▶ Recorded data

────────────────────

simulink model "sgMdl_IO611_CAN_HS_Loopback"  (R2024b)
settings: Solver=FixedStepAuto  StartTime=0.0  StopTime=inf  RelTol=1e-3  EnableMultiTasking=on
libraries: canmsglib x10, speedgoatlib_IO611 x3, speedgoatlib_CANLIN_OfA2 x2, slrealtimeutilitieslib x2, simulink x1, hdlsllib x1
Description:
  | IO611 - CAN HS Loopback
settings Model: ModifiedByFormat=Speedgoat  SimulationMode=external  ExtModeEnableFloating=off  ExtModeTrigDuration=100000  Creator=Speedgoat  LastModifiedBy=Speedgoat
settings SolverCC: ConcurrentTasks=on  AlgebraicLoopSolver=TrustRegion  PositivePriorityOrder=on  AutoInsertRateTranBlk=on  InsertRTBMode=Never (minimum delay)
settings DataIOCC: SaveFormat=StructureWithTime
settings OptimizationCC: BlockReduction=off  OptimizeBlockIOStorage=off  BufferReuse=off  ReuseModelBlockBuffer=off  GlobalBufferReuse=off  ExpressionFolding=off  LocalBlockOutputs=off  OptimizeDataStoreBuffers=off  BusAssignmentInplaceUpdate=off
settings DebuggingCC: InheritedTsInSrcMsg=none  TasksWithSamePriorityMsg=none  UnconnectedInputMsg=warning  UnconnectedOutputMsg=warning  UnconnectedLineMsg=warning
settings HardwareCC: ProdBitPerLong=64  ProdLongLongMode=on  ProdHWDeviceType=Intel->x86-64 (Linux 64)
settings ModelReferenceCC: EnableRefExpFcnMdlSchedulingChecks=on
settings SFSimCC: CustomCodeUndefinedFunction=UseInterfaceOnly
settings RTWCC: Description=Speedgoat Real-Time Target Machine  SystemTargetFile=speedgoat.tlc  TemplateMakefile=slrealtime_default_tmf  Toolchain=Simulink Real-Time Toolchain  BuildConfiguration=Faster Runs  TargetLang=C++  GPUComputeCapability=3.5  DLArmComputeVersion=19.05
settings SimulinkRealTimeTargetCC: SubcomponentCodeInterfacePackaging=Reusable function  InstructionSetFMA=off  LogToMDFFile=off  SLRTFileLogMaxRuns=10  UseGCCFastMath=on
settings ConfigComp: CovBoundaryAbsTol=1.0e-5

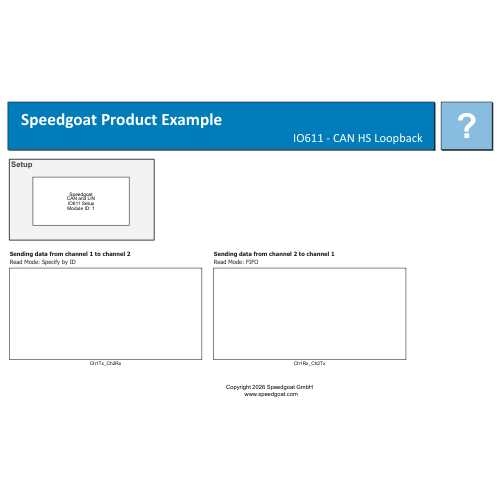
[thumbnail: Simulink's stored preview of the top-level diagram]
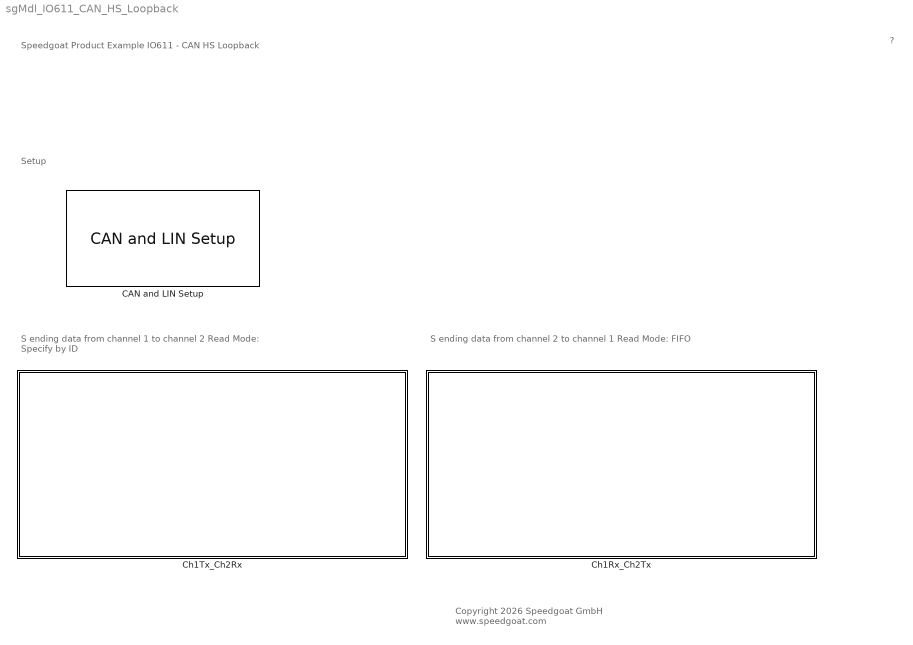
== system sgMdl_IO611_CAN_HS_Loopback ==
  note: S ending data from channel 2 to channel 1
      | Read Mode: FIFO
  note: S ending data from channel 1 to channel 2
      | Read Mode: Specify by ID
  note: Setup
  note: Speedgoat Product Example
      | IO611 - CAN HS Loopback
  note: ?
  note: Copyright 2026 Speedgoat GmbH
      |  www.speedgoat.com
  "CAN and LIN Setup " : speedgoatlib_IO611/CAN and LIN Setup   moduleInitValues="[611    1    1   -1   -1]"  id=1  moduleType=IO611  pciSlot=-1  canChn1=CAN (HS)  canChn2=CAN (HS)  canChn3=Disabled  canChn4=Disabled  linChn1=Disabled  linChn2=Disabled  canInitStructArray=[]  canTermStructArray=[]  canChn1InitValues="[2   2   1  31   8   2   1   5   2]"  arbBdrChn1=1.0 MBaud  arbManBdrChn1=[2,1,31,8]  fdBdrChn1=5.0 MBaud  fdManBdrChn1=[2,1,5,2]  canChn2InitValues="[2   2   1  31   8   2   1   5   2]"  arbBdrChn2=1.0 MBaud  arbManBdrChn2=[2,1,31,8]  fdBdrChn2=5.0 MBaud  fdManBdrChn2=[2,1,5,2]  canChn3InitValues="[1   2   1  31   8   2   1   5   2]"  arbBdrChn3=1.0 MBaud  arbManBdrChn3=[2,1,31,8]  fdBdrChn3=5.0 MBaud  fdManBdrChn3=[2,1,5,2]  canChn4InitValues="[1   2   1  31   8   2   1   5   2]"  arbBdrChn4=1.0 MBaud  arbManBdrChn4=[2,1,31,8]  fdBdrChn4=5.0 MBaud  fdManBdrChn4=[2,1,5,2]  bdrLIN1=19200  linChn1InitValues=[1 19800]  bdrLIN2=19200  linChn2InitValues=[1 19800]
      settings: SourceProductName=Simulink Real-Time: Speedgoat I/O Blockset
  Ch1Rx_Ch2Tx : Subsystem
  Ch1Tx_Ch2Rx : Subsystem

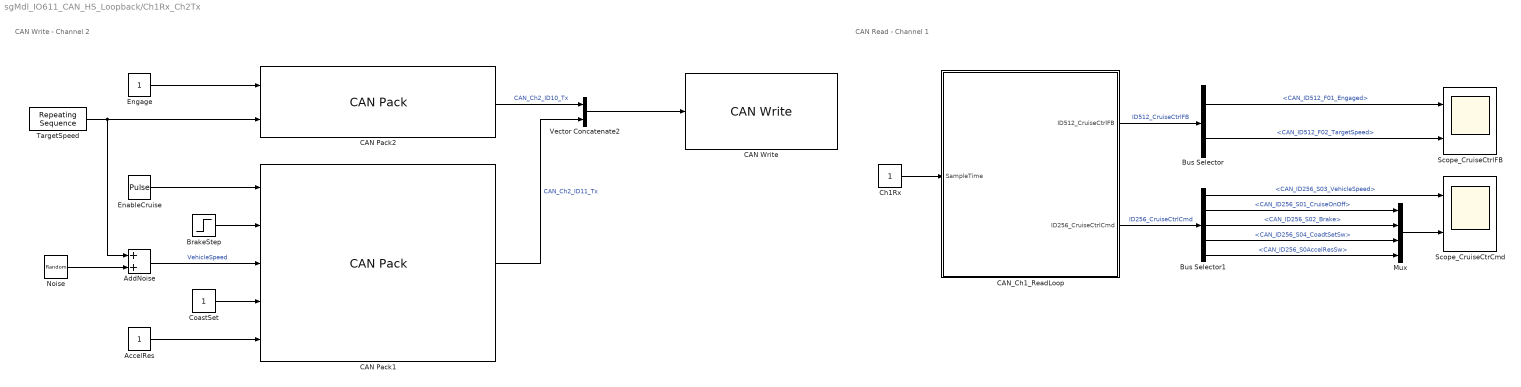
== system sgMdl_IO611_CAN_HS_Loopback/Ch1Rx_Ch2Tx ==
  note: CAN Read - Channel 1
  note: CAN Write - Channel 2
  AccelRes : Constant  SampleTime=-1
  AddNoise : Sum
  BrakeStep : Step  Time=6  SampleTime=0.005
  Bus Selector : BusSelector  OutputSignals=CAN_ID512_F01_Engaged,CAN_ID512_F02_TargetSpeed
  Bus Selector1 : BusSelector  OutputSignals=CAN_ID256_S03_VehicleSpeed,CAN_ID256_S01_CruiseOnOff,CAN_ID256_S02_Brake,CAN_ID256_S04_CoadtSetSw,CAN_ID256_S0AccelResSw
  CAN Pack1 : canmsglib/CAN Pack  MsgList=(none)  MsgName=CruiseCtrlCmd  MsgIDType=Standard (11-bit identifier)  MsgIdentifier=256  CANIDInput=off  MsgLength=2  Remote=off  ApplyMinMax=off  BusOutput=on  SignalInfo={ 'S01_CruiseOnOff', '0', '1', 'LE', 'unsigned', 'Standard', '0', '1', '0', '0', '1'; 'S02_Brake', '1', '1', 'LE', 'unsigned', 'Standard', '0', '1', '0', '0', '1'; 'S03_VehicleSpeed', '4', '8', 'LE', 'unsigned', 'Standard', '0', '1', '0', '0', '255'; 'S04_CoastSetSw', '2', '1', 'LE', 'unsigned', 'Standard', '0', '1', '0', '0', '1'; 'S05_AccelResSw', '3', '1', 'LE', 'unsigned', 'Standard', '0', '1', '0', '0', '1' }
      settings: DataFormat=manually specified signals
  CAN Pack2 : canmsglib/CAN Pack  MsgList=(none)  MsgName=CruiseCtrlFB  MsgIDType=Standard (11-bit identifier)  MsgIdentifier=512  CANIDInput=off  MsgLength=2  Remote=off  ApplyMinMax=off  BusOutput=on  SignalInfo={ 'F01_Engaged', '0', '1', 'LE', 'unsigned', 'Standard', '0', '1', '0', '0', '1'; 'F02_TargetSpeed', '1', '8', 'LE', 'unsigned', 'Standard', '0', '1', '0', '0', '255' }
      settings: DataFormat=manually specified signals
  "CAN Write " : speedgoatlib_CANLIN_OfA2/CAN Write   moduleType=IO611  id=1  channel=2  canType=CAN (HS)  useBusIn=on  numOfMsg=2  enableInput=off  enableStatusPort=off  initValues=[611 1 -1 1 1 1 0 2 0 1]  ts=-1
  CAN_Ch1_ReadLoop : Subsystem  TreatAsAtomicUnit=on
  Ch1Rx : Constant  SampleTime=0.005
  CoastSet : Constant  SampleTime=-1
  EnableCruise : DiscretePulseGenerator  Period=200  PulseWidth=100  SampleTime=0.005
  Engage : Constant  SampleTime=-1
  Mux : Mux
  Noise : RandomNumber
      settings: AttributesFormatString=|
      | Mean: %<Mean>
      | Variance: %<Variance>
  Scope_CruiseCtrCmd : Scope  NumInputPorts=2
  Scope_CruiseCtrlFB : Scope  NumInputPorts=2
  TargetSpeed : simulink/Sources/Repeating Sequence  rep_seq_t=[0 1 4 6 10]  rep_seq_y=[0 0 50 50 0]
  Vector Concatenate2 : Concatenate
  wires:
  CAN Pack2/1 -> Vector Concatenate2/1  "CAN_Ch2_ID10_Tx"
  AddNoise/1 -> CAN Pack1/3  "VehicleSpeed"
  Vector Concatenate2/1 -> "CAN Write "/1
  TargetSpeed/1 -> AddNoise/1, CAN Pack2/2
  AccelRes/1 -> CAN Pack1/5
  Bus Selector/1 -> Scope_CruiseCtrlFB/1  "<CAN_ID512_F01_Engaged>"
  CoastSet/1 -> CAN Pack1/4
  Noise/1 -> AddNoise/2
  CAN Pack1/1 -> Vector Concatenate2/2  "CAN_Ch2_ID11_Tx"
  Engage/1 -> CAN Pack2/1
  BrakeStep/1 -> CAN Pack1/2
  CAN_Ch1_ReadLoop/2(ID256_CruiseCtrlCmd) -> Bus Selector1/1  "ID256_CruiseCtrlCmd"
  EnableCruise/1 -> CAN Pack1/1
  CAN_Ch1_ReadLoop/1(ID512_CruiseCtrlFB) -> Bus Selector/1  "ID512_CruiseCtrlFB"
  Bus Selector1/1 -> Scope_CruiseCtrCmd/1  "<CAN_ID256_S03_VehicleSpeed>"
  Bus Selector/2 -> Scope_CruiseCtrlFB/2  "<CAN_ID512_F02_TargetSpeed>"
  Mux/1 -> Scope_CruiseCtrCmd/2
  Bus Selector1/5 -> Mux/4  "<CAN_ID256_S0AccelResSw>"
  Bus Selector1/3 -> Mux/2  "<CAN_ID256_S02_Brake>"
  Bus Selector1/4 -> Mux/3  "<CAN_ID256_S04_CoadtSetSw>"
  Bus Selector1/2 -> Mux/1  "<CAN_ID256_S01_CruiseOnOff>"
  Ch1Rx/1 -> CAN_Ch1_ReadLoop/1(SampleTime)

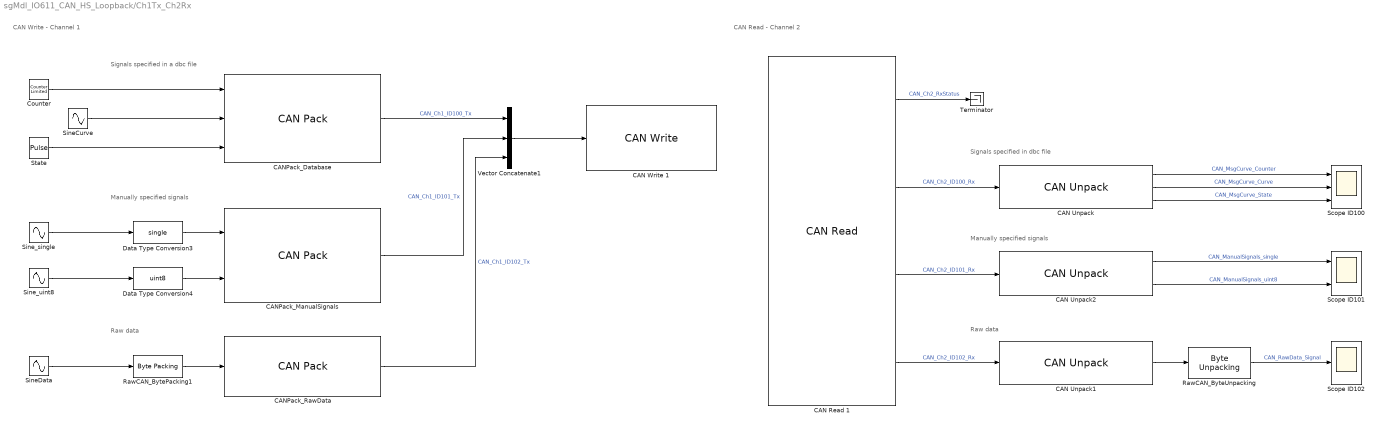
== system sgMdl_IO611_CAN_HS_Loopback/Ch1Tx_Ch2Rx ==
  note: Raw data
  note: Signals specified in dbc file
  note: Manually specified signals
  note: Signals specified in a dbc file
  note: Manually specified signals
  note: CAN Read - Channel 2
  note: CAN Write - Channel 1
  note: Raw data
  CAN Read 1 : speedgoatlib_IO611/CAN Read   moduleType=IO611  id=1  channel=2  canType=CAN (HS)  useBusOut=off  HasMulRead=Specify by IDs  MsgIDlist=[100:102]  isEFF=off  LabelInHex=off  enableInput=off  ts=-1  initValues=[611 1 -1 1 1 1 0 0 0 2 3 100 101 102]
      settings: SourceProductName=Simulink Real-Time: Speedgoat I/O Blockset
  CAN Unpack : canmsglib/CAN Unpack  CANdbFile=CANDatabase.dbc  MsgList=(none)  MsgName=MsgCurve  MsgIDType=Standard (11-bit identifier)  MsgIdentifier=100  MsgLength=4  SignalInfo={'Counter','16','7','LE','unsigned','Standard','0','1','0','-Inf','Inf';'Curve','0','16','LE','unsigned','Standard','0','0.1','0','0','6500';'State','23','1','LE','unsigned','Standard','0','1','0','0','1'}  IDPort=off  TimestampPort=off  ErrorPort=off  RemotePort=off  LengthPort=off  StatusPort=off  ApplyMinMax=off
      settings: DataFormat=CANdb specified signals
  CAN Unpack1 : canmsglib/CAN Unpack  MsgList=(none)  MsgName=Raw Data  MsgIDType=Standard (11-bit identifier)  MsgIdentifier=102  MsgLength=8  SignalInfo={ 'Counter', '16', '7', 'LE', 'unsigned', 'Standard', '0', '1', '0', '-Inf', 'Inf'; 'Curve', '0', '16', 'LE', 'unsigned', 'Standard', '0', '0.1', '0', '0', '6500'; 'State', '23', '1', 'LE', 'unsigned', 'Standard', '0', '1', '0', '0', '1' }  IDPort=off  TimestampPort=off  ErrorPort=off  RemotePort=off  LengthPort=off  StatusPort=off  ApplyMinMax=off
      settings: DataFormat=raw data
  CAN Unpack2 : canmsglib/CAN Unpack  MsgList=(none)  MsgName=Manual Signals  MsgIDType=Standard (11-bit identifier)  MsgIdentifier=101  MsgLength=5  SignalInfo={ 'single', '0', '32', 'LE', 'single', 'Standard', '0', '1', '0', '-Inf', 'Inf'; 'uint8', '32', '8', 'LE', 'unsigned', 'Standard', '0', '1', '0', '-Inf', 'Inf' }  IDPort=off  TimestampPort=off  ErrorPort=off  RemotePort=off  LengthPort=off  StatusPort=off  ApplyMinMax=off
  CAN Write 1 : speedgoatlib_IO611/CAN Write   moduleType=IO611  id=1  channel=1  canType=CAN (HS)  useBusIn=on  numOfMsg=3  enableInput=off  enableStatusPort=off  initValues=[611 1 -1 0 1 1 0 3 0 1]  ts=-1
      settings: SourceProductName=Simulink Real-Time: Speedgoat I/O Blockset
  CANPack_Database : canmsglib/CAN Pack  CANdbFile=CANDatabase.dbc  MsgList=MsgCurve  MsgName=MsgCurve  MsgIDType=Standard (11-bit identifier)  MsgIdentifier=100  CANIDInput=off  MsgLength=4  Remote=off  ApplyMinMax=off  BusOutput=on  SignalInfo={'Counter','16','7','LE','unsigned','Standard','0','1','0','-Inf','Inf';'Curve','0','16','LE','unsigned','Standard','0','0.1','0','0','6500';'State','23','1','LE','unsigned','Standard','0','1','0','0','1'}
      settings: DataFormat=CANdb specified signals
  CANPack_ManualSignals : canmsglib/CAN Pack  MsgList=(none)  MsgName=Manual Signals  MsgIDType=Standard (11-bit identifier)  MsgIdentifier=101  CANIDInput=off  MsgLength=5  Remote=off  ApplyMinMax=off  BusOutput=on  SignalInfo={ 'single', '0', '32', 'LE', 'single', 'Standard', '0', '1', '0', '-Inf', 'Inf'; 'uint8', '32', '8', 'LE', 'unsigned', 'Standard', '0', '1', '0', '-Inf', 'Inf' }
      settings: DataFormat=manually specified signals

────────────────────

▶ Try it
In the entries above, find the line with "Vector Concatenate2/1 ->" and the line with "Bus Selector1/5 ->", then set down exactly those two and every line between them, nothing else.

▶ Solution
  Vector Concatenate2/1 -> "CAN Write "/1
  TargetSpeed/1 -> AddNoise/1, CAN Pack2/2
  AccelRes/1 -> CAN Pack1/5
  Bus Selector/1 -> Scope_CruiseCtrlFB/1  "<CAN_ID512_F01_Engaged>"
  CoastSet/1 -> CAN Pack1/4
  Noise/1 -> AddNoise/2
  CAN Pack1/1 -> Vector Concatenate2/2  "CAN_Ch2_ID11_Tx"
  Engage/1 -> CAN Pack2/1
  BrakeStep/1 -> CAN Pack1/2
  CAN_Ch1_ReadLoop/2(ID256_CruiseCtrlCmd) -> Bus Selector1/1  "ID256_CruiseCtrlCmd"
  EnableCruise/1 -> CAN Pack1/1
  CAN_Ch1_ReadLoop/1(ID512_CruiseCtrlFB) -> Bus Selector/1  "ID512_CruiseCtrlFB"
  Bus Selector1/1 -> Scope_CruiseCtrCmd/1  "<CAN_ID256_S03_VehicleSpeed>"
  Bus Selector/2 -> Scope_CruiseCtrlFB/2  "<CAN_ID512_F02_TargetSpeed>"
  Mux/1 -> Scope_CruiseCtrCmd/2
  Bus Selector1/5 -> Mux/4  "<CAN_ID256_S0AccelResSw>"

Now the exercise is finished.